Like most of northern Norway almost all current buildings were built after 1945. During WWII Norway was heavily bombed by the Nazis and then occupied by them for 5 years. As the Russian army approached in 1945 and the Nazis retreated they destroyed everything of value, almost all buildings, sparing only a few churches.
We had a relaxing evening sitting on the patio in the cool breeze watching the arm of the yellow crane swing around, trying to discern if it was being manned, blown by the wind, or remotely programmed to swing into the wind!
August 14 Bodø (Day 322)
Another beautiful day to explore. Today we caught a late morning train for the 45 minute ride back to Bodø.

Bodø, like every Nordic town we’ve been in, has lush flower beds scattered around town!

We spotted some of the murals on the map we picked up at the visitors center.

And we had to go into the town hall to see the unique architecture the host at the visitor center told us about! Optical illusion! The furniture is stuck on the wall!

We walked to the harbor and out to the point at the harbor entrance. Coming back we saw the cruise ship enter the harbor. We have to check that out for a future trip!

Some quirky art work showcases some of the wildlife, the Sea Eagles and the Moose!
We caught a mid-afternoon train back to Fauske and enjoyed complimentary lattes and little chocolate squares that are available in the sleek, modern train cars.

We enjoyed the view of the fjord with the small boat houses and fishing boats that belong to the cabins hidden in the woods on the other side of the tracks.
Shortly after we returned, our hosts arrived back from a blueberry picking excursion in the mountains. Our host asked if we would like to go see the Saltstraumen Maelstrom that is about an hours drive away. We had actually heard about the whirlpools formed when the tide flows through a narrow channel in a fjord in Norway, but we didn’t know it was this close! We jumped at the chance to go see this phenomenon! We had a little time to get ready since it’s best to see it when the tide changes. Soon we were off, being driven back along the highway following the train route towards Bodø. Turning left onto a peninsula between the Saltfjorden and the Skjerstad fjord we came to a bridge over the narrow inlet from the sea to the fjord.

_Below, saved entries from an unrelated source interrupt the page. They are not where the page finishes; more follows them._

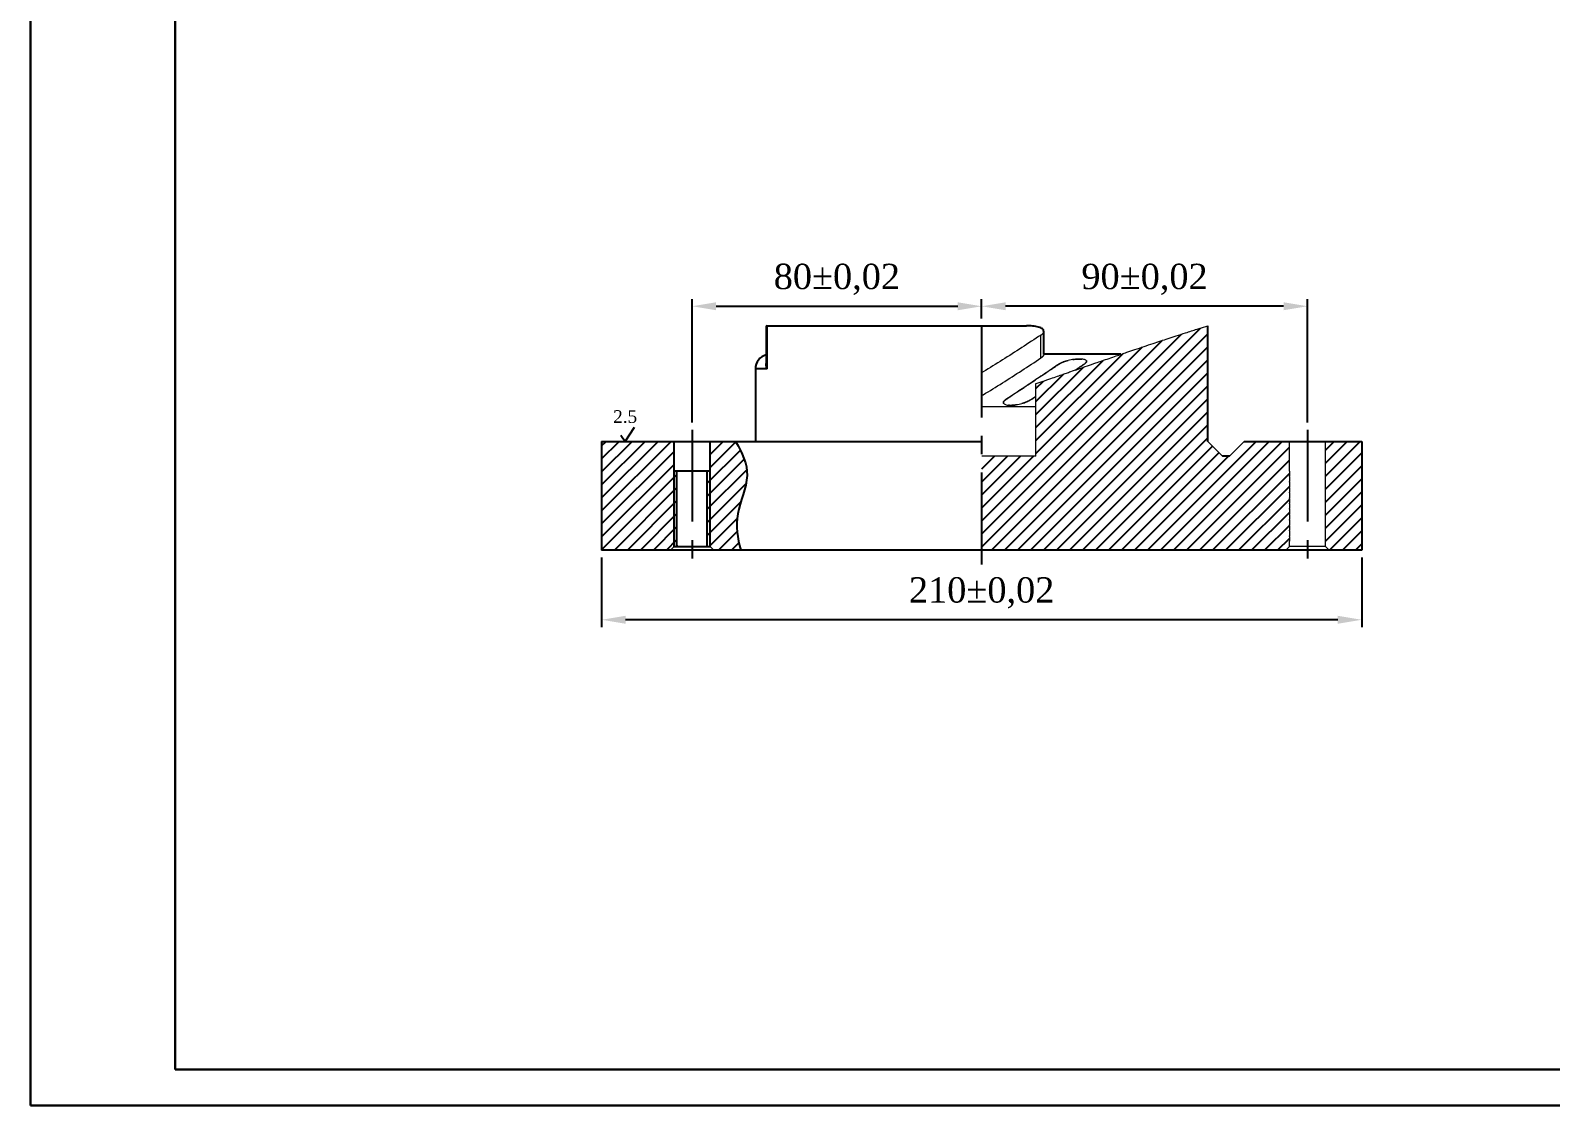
# Model space of a CAD drawing. Header units: millimetres. Extents: x -49 to 497, y -92 to 878.
# Drawn here: x -48.8 to 161.2, y 581.3 to 729.8 of the extents above; entities that cross this region are included whole.
import ezdxf

# ---------------------------------------------------------------- set-up
doc = ezdxf.new("R2010")
doc.units = ezdxf.units.MM
doc.header["$PDSIZE"] = -1
doc.linetypes.add('CENTERX2', pattern=[20.32, 12.7, -2.54, 2.54, -2.54])
doc.linetypes.add('HIDDEN', pattern=[1.905, 1.27, -0.635])
doc.layers.add('chi tiet', color=7, linetype='Continuous', lineweight=30)
for name, color, linetype in [('DuongTam', 1, 'Continuous'), ('FORMAT', 7, 'Continuous'), ('Hat', 5, 'Continuous'), ('MatCat', 3, 'Continuous')]:
    doc.layers.add(name, color=color, linetype=linetype)
doc.styles.get("Standard").update_dxf_attribs({"font": 'times.ttf'})
doc.dimstyles.new('ISO-25', dxfattribs={"dimtxt": 2.5, "dimasz": 2.5, "dimexe": 1.25, "dimexo": 0.625, "dimtad": 1, "dimtxsty": 'Standard', "dimcen": 2.5, "dimadec": 0, "dimazin": 0, "dimtfac": 1, "dimtmove": 0, "dimatfit": 3, "dimfxl": 1, "dimarcsym": 0})

# ---------------------------------------------------------------- blocks, each defined once
blk = doc.blocks.new('*D45')
at = {"color": 0, "lineweight": -2, "transparency": 16777216}
for p, q in [((30.13, 657), (30.13, 647.39)), ((135.13, 657), (135.13, 647.39)), ((131.83, 648.39), (33.44, 648.39))]:
    blk.add_line(p, q, dxfattribs=at)
at = {"color": 0, "transparency": 16777216}
for points in [[(33.44, 648.94), (33.44, 647.84), (30.13, 648.39)], [(131.83, 648.94), (131.83, 647.84), (135.13, 648.39)]]:
    blk.add_solid(points, dxfattribs=at)
at = {"layer": 'Defpoints', "color": 0, "transparency": 16777216}
for p in [(30.13, 658), (135.13, 658), (30.13, 648.39)]:
    blk.add_point(p, dxfattribs=at)
at = {"color": 0, "transparency": 16777216, "insert": (82.63, 652.1), "char_height": 3.5, "attachment_point": 5}
blk.add_mtext('210{\\A1;%%P0,02}', dxfattribs=at)
blk = doc.blocks.new('*D46')
at = {"color": 0, "lineweight": -2, "transparency": 16777216}
for p, q in [((42.63, 675.64), (42.63, 692.69)), ((45.94, 691.69), (79.33, 691.69)), ((82.63, 690), (82.63, 692.69))]:
    blk.add_line(p, q, dxfattribs=at)
at = {"color": 0, "transparency": 16777216}
for points in [[(45.94, 692.24), (45.94, 691.14), (42.63, 691.69)], [(79.33, 692.24), (79.33, 691.14), (82.63, 691.69)]]:
    blk.add_solid(points, dxfattribs=at)
at = {"layer": 'Defpoints', "color": 0, "transparency": 16777216}
for p in [(82.63, 691.69), (82.63, 689), (42.63, 674.64)]:
    blk.add_point(p, dxfattribs=at)
at = {"color": 0, "transparency": 16777216, "insert": (62.63, 695.4), "char_height": 3.5, "attachment_point": 5}
blk.add_mtext('80{\\A1;%%P0,02}', dxfattribs=at)
blk = doc.blocks.new('*D47')
at = {"color": 0, "lineweight": -2, "transparency": 16777216}
for p, q in [((82.63, 690), (82.63, 692.69)), ((124.33, 691.69), (85.94, 691.69)), ((127.63, 675.64), (127.63, 692.69))]:
    blk.add_line(p, q, dxfattribs=at)
at = {"color": 0, "transparency": 16777216}
for points in [[(85.94, 692.24), (85.94, 691.14), (82.63, 691.69)], [(124.33, 692.24), (124.33, 691.14), (127.63, 691.69)]]:
    blk.add_solid(points, dxfattribs=at)
at = {"layer": 'Defpoints', "color": 0, "transparency": 16777216}
for p in [(82.63, 691.69), (82.63, 689), (127.63, 674.64)]:
    blk.add_point(p, dxfattribs=at)
at = {"color": 0, "transparency": 16777216, "insert": (105.13, 695.4), "char_height": 3.5, "attachment_point": 5}
blk.add_mtext('90{\\A1;%%P0,02}', dxfattribs=at)

msp = doc.modelspace()

# ---------------------------------------------------------------- hatches: boundary and pattern name
at = {"layer": 'Hat'}
h = msp.add_hatch(dxfattribs=at)
h.set_pattern_fill('ANSI31', color=256, scale=0.4)
h.set_pattern_definition([(45, (18.5412, 671.5806), (-0.898026, 0.898026), [])])
h.paths.add_polyline_path([(40.134, 673), (30.134, 673), (30.134, 658), (39.634, 658), (40.134, 658.5)])
h.paths.add_polyline_path([(40.54, 668.907), (40.134, 668.907), (40.134, 658.5), (40.54, 658.5)])
edge = h.paths.add_edge_path()
edge.add_spline(control_points=[(49.351, 658), (48.894, 659.675), (48.375, 663.132), (51.027, 668.235), (49.563, 671.458), (48.645, 673)], knot_values=[3.9388705, 3.9388705, 3.9388705, 3.9388705, 14.1357891, 25.0005723, 35.1376461, 35.1376461, 35.1376461, 35.1376461], degree=3, periodic=0)
edge.add_line((48.645, 673), (45.134, 673))
edge.add_line((45.134, 673), (45.134, 658.5))
edge.add_line((45.134, 658.5), (45.634, 658))
edge.add_line((45.634, 658), (49.351, 658))
h.paths.add_polyline_path([(45.134, 668.907), (44.728, 668.907), (44.728, 658.5), (45.134, 658.5)])
edge = h.paths.add_edge_path()
edge.add_line((125.134, 673), (118.884, 673))
edge.add_line((118.884, 673), (116.884, 671))
edge.add_line((116.884, 671), (115.884, 671))
edge.add_line((115.884, 671), (113.884, 673))
edge.add_line((113.884, 673), (113.884, 689))
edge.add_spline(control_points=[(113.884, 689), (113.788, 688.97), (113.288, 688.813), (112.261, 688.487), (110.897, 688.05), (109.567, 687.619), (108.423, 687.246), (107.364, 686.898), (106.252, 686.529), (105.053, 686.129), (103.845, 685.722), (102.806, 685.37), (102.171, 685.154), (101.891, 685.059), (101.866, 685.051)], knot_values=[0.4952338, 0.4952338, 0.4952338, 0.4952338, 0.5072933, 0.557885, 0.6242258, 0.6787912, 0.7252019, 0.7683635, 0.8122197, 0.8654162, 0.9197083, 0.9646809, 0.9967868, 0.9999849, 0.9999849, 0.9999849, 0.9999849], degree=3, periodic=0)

On the fjord side at water level it looked calm and people were fishing from the bank with a few fishing boats in the water.
We then drove over the bridge to the right, parked and walked up onto the bridge.

Looking down from the bridge you can see the water beginning to churn and swirls forming, as “Up to 400 million cubic metres (110 billion US gallons) of seawater forces its way through a 3 km (1.9 mi) long and 150 m (490 ft) wide strait every six hours.” This is considered the strongest tidal current in the world!
Saltstraumen wasn’t at its strongest today though, that would be at the full or new moon, we are at half moon now. For a good description here is a Youtube video of the Saltstraumen Maelstrom. Before we returned to Fauske our host took us to another venue which has roots in the Viking era. Tuvsjyen is a restaurant experience harkening to the stone age, where the food is cooked in a pit and served in an earthen hut on rough wood tables and benches.

Winter is actually a busier tourist season for this area with the Northern Lights on display!
We are lucky to be able to head back to Fauske and cook our dinner on an electric stove!